(RECORD EXTRACTS begins)

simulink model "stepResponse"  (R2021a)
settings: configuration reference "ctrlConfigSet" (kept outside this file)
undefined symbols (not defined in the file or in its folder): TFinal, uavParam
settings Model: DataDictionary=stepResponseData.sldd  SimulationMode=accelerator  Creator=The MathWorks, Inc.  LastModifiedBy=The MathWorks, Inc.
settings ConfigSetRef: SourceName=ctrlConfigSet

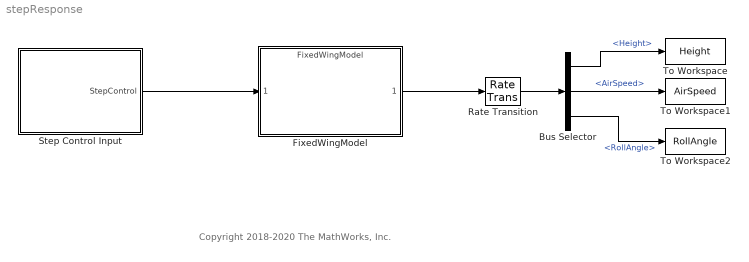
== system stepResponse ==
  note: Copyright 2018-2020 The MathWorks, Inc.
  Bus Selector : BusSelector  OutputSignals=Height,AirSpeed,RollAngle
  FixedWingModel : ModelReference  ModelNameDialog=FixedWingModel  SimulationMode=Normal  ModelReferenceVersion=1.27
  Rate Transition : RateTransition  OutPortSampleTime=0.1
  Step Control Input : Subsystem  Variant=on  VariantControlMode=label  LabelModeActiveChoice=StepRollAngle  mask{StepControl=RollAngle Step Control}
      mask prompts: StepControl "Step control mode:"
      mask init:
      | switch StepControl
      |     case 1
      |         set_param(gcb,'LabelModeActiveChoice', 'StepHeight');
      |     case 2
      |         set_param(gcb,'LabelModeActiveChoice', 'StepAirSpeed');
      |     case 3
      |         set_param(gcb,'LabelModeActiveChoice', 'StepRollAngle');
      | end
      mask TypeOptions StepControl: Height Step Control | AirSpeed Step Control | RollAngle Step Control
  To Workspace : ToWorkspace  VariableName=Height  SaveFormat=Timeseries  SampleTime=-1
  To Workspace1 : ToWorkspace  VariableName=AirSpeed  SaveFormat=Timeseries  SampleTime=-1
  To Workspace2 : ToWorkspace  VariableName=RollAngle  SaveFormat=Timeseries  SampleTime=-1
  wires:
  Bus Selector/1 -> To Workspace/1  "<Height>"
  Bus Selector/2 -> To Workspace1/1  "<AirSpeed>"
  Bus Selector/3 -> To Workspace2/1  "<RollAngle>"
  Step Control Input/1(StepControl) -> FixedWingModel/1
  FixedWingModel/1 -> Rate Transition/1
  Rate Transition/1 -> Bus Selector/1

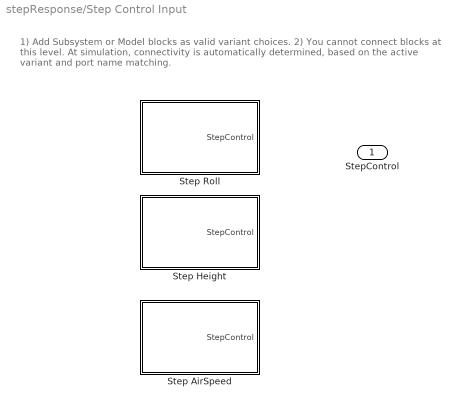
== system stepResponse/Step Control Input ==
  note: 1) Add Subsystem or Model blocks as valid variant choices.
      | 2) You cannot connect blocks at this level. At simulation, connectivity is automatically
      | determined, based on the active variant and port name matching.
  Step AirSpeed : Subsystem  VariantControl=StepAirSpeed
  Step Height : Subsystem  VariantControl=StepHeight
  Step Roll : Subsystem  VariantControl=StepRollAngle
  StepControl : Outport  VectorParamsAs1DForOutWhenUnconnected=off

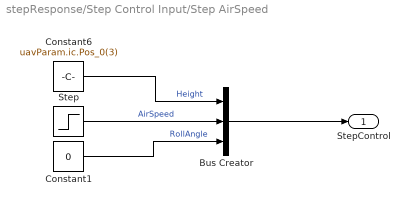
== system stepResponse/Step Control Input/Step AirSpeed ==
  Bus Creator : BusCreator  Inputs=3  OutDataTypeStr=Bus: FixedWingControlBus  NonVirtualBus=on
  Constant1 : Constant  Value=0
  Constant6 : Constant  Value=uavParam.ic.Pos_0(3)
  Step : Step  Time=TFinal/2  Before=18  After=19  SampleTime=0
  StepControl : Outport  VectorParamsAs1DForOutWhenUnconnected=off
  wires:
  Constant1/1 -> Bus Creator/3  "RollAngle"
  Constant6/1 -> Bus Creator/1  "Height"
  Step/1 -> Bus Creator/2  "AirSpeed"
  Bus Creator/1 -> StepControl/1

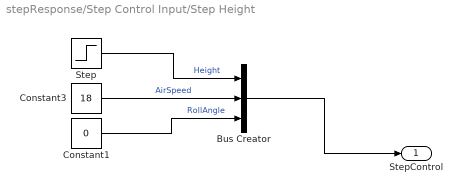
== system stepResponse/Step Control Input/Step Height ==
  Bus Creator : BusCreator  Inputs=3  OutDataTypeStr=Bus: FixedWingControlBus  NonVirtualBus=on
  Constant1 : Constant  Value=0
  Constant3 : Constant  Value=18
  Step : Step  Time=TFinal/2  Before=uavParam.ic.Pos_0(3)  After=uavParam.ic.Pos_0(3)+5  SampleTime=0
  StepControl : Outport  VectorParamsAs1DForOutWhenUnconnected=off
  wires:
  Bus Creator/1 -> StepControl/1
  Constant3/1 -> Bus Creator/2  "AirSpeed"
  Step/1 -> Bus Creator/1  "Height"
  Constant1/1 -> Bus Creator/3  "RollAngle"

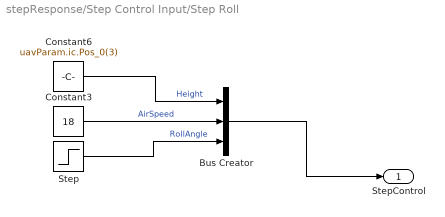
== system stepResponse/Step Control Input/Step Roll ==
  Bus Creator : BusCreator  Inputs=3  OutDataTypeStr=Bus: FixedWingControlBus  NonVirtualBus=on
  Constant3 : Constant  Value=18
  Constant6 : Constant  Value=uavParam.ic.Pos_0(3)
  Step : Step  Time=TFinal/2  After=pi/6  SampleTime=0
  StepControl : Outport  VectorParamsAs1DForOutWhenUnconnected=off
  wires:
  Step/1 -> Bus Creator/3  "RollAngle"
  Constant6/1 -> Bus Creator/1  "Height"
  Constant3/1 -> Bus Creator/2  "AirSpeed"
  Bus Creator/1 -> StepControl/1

(RECORD EXTRACTS ends)

EXERCISE GOAL:
Word for word, reproduce the listing above from its start up to and including the line that has "settings Model: DataDictionary=stepResponseData.sldd". Give only those lines.

RESPONSE TO THIS EXERCISE:
simulink model "stepResponse"  (R2021a)
settings: configuration reference "ctrlConfigSet" (kept outside this file)
undefined symbols (not defined in the file or in its folder): TFinal, uavParam
settings Model: DataDictionary=stepResponseData.sldd  SimulationMode=accelerator  Creator=The MathWorks, Inc.  LastModifiedBy=The MathWorks, Inc.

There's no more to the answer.